5. URL structures that look auto-generated or duplicated

This one is subtle. We audited a Wix-built business site where service page URLs were structured with number suffixes, pages ending in "-1" or "-7", for example a kitchen page and a contact page both carrying trailing numbers. While the sitemap technically listed all the correct URLs, these number suffixes are a known signal that can cause Google to treat the pages as duplicate or low-quality auto-generated content rather than genuine pages, meaning despite a "correct" sitemap, only the homepage ended up indexed.

How to submit your sitemap to Google

Once you've confirmed your sitemap exists and is accurate, submitting it takes a few minutes inside Google Search Console.

  • Go to search.google.com/search-console and select your property
  • In the left-hand menu, click Indexing, then Sitemaps
  • Under "Add a new sitemap", enter the path to your sitemap, usually just sitemap.xml
  • Click Submit
  • You'll see a status update shortly after. A green "Success" message means Google was able to read and process your sitemap.
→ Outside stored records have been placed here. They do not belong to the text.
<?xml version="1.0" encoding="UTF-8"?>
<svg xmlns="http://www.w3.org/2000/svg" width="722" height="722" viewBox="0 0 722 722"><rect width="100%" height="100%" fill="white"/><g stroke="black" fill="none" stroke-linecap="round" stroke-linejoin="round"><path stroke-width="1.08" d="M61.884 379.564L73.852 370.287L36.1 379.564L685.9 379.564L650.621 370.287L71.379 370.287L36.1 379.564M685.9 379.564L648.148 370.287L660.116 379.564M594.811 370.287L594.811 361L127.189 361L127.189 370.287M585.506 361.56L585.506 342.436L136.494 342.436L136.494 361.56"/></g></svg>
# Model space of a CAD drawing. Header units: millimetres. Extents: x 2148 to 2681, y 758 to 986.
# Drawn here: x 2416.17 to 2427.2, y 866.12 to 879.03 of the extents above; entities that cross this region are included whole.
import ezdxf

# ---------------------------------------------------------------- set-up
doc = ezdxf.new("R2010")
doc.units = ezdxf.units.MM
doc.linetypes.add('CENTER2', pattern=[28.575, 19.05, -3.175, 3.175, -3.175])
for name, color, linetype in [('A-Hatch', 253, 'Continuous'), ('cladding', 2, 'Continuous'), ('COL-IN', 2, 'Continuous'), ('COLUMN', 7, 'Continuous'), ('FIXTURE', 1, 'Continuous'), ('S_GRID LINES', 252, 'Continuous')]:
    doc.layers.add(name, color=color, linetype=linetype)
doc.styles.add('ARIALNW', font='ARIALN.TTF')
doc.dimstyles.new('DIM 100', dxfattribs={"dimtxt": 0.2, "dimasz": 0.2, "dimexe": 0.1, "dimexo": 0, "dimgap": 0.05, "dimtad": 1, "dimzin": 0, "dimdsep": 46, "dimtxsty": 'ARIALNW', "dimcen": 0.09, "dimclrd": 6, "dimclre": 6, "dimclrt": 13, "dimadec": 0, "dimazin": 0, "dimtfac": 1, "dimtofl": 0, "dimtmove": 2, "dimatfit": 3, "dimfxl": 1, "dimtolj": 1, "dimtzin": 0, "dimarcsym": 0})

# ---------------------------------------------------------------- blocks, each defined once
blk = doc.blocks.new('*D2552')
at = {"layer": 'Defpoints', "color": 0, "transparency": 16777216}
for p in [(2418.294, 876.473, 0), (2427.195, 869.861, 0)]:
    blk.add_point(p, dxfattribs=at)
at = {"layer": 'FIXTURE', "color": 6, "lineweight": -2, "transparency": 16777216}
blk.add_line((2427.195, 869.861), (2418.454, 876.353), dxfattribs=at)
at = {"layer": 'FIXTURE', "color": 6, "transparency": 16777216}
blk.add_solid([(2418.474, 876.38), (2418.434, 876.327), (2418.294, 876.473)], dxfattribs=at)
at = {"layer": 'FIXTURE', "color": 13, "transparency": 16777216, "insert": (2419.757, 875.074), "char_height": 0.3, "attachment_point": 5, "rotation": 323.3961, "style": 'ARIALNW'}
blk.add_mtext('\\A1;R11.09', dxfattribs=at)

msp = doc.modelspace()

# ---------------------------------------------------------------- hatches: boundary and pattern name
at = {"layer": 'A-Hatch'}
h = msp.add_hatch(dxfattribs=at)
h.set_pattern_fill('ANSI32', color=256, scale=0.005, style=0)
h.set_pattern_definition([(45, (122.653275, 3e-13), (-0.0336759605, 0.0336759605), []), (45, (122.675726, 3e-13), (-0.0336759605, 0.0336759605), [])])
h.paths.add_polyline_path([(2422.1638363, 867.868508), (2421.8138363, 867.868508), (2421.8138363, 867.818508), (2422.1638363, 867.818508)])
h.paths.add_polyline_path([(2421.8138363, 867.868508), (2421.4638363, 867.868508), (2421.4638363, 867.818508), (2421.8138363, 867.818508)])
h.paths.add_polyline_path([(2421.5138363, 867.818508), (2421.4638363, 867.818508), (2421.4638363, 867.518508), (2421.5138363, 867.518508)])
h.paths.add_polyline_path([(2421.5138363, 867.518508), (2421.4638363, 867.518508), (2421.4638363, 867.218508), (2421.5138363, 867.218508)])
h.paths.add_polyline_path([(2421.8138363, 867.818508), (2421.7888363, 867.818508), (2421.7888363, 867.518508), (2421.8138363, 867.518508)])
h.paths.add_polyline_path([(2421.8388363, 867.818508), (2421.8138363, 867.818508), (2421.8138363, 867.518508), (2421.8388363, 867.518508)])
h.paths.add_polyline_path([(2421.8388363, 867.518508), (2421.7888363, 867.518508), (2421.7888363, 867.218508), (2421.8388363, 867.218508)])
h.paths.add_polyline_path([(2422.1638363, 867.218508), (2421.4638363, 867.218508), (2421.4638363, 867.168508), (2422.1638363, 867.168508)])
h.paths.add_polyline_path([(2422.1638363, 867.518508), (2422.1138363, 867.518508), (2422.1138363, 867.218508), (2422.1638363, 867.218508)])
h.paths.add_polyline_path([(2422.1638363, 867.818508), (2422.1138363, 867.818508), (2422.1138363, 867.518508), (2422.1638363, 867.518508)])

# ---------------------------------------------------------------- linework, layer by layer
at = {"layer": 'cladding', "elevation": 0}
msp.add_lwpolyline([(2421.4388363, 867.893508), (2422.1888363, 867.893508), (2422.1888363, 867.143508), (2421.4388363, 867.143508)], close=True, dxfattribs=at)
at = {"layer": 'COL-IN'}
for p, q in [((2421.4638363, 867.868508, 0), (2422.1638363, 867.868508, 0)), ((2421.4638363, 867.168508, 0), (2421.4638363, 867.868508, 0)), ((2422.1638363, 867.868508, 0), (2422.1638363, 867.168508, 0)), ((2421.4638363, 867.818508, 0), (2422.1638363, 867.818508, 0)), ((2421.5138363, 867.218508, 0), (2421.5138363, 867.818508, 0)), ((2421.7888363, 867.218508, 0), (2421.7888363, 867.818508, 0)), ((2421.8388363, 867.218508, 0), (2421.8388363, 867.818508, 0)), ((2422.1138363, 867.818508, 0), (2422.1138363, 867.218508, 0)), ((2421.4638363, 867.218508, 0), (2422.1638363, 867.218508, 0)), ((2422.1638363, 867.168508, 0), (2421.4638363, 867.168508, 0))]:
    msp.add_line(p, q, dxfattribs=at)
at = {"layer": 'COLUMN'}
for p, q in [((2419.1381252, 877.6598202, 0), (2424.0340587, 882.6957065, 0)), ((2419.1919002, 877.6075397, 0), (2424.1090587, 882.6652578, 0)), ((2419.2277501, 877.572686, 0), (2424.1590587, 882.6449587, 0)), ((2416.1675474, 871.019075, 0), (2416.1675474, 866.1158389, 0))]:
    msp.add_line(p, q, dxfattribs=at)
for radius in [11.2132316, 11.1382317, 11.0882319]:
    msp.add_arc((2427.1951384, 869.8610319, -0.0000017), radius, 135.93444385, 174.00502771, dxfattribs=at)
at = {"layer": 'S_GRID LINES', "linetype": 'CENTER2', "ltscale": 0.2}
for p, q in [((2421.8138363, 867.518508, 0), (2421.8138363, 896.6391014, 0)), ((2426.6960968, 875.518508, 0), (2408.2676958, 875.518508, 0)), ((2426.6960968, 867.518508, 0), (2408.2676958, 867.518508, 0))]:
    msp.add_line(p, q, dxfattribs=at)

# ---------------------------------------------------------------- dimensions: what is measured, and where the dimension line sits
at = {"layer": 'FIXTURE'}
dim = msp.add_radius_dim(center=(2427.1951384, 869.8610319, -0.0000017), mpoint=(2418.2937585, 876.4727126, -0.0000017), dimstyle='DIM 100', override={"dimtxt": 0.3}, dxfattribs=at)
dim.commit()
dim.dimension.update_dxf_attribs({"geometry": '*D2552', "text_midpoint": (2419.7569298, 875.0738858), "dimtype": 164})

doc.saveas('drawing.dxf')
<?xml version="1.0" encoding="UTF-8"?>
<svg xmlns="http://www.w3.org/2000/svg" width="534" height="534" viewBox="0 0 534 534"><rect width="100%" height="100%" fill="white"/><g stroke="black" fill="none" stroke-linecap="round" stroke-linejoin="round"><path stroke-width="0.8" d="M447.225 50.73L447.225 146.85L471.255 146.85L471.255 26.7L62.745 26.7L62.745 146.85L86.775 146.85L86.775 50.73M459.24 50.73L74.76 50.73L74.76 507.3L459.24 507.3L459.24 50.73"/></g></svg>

A red "Couldn't fetch" or "Has errors" status means something is wrong, and it's worth investigating immediately rather than assuming it will resolve itself.

    How sitemaps are usually generated

    You rarely need to write a sitemap by hand. Most platforms generate one automatically:

    WordPress - plugins like Yoast SEO or Rank Math automatically generate and update your sitemap whenever you publish or edit content. This is usually reliable, but issues can still creep in after a site restructure, theme change, or plugin conflict.

    Wix - Wix automatically generates a sitemap, typically at the standard sitemap address, listing your published pages. As noted above, the URLs themselves can sometimes cause indexing issues even when the sitemap file is technically correct.

    Custom-built sites (like Next.js) - sitemaps are usually generated programmatically as part of the build process, pulling directly from the site's actual routes. When built correctly, this approach tends to be the most reliable, since the sitemap can never drift out of sync with the real pages, it's generated from the same source of truth.

    A quick checklist

    Run through these five checks on your own website today:

  • Visit your sitemap address directly, does it load without an error?
  • Click through 3-4 of the URLs listed, do they all lead to real, live pages?
  • Check the last-modified dates, are they recent, or years old?
  • Search site:yoursite.co.za on Google, does the number of indexed pages roughly match what's in your sitemap?
  • Confirm your sitemap is submitted in Google Search Console under Indexing → Sitemaps, with a "Success" status
  • If any of these checks fail, it's worth investigating before assuming your content simply "isn't ranking yet", sometimes the content was never given a fair chance to be found in the first place.

    The bottom line

    A sitemap is one of the simplest, most overlooked pieces of technical SEO. It costs nothing to set up correctly and takes only a few minutes to check. But when it's broken, pointing to dead URLs, years out of date, or missing entirely, it can quietly undermine months or years of content work, leaving genuinely good pages invisible to the people searching for exactly what you offer.

    If you've never checked your sitemap before, do it today. It's one of the fastest ways to find out whether Google can actually see your full website, or just the homepage.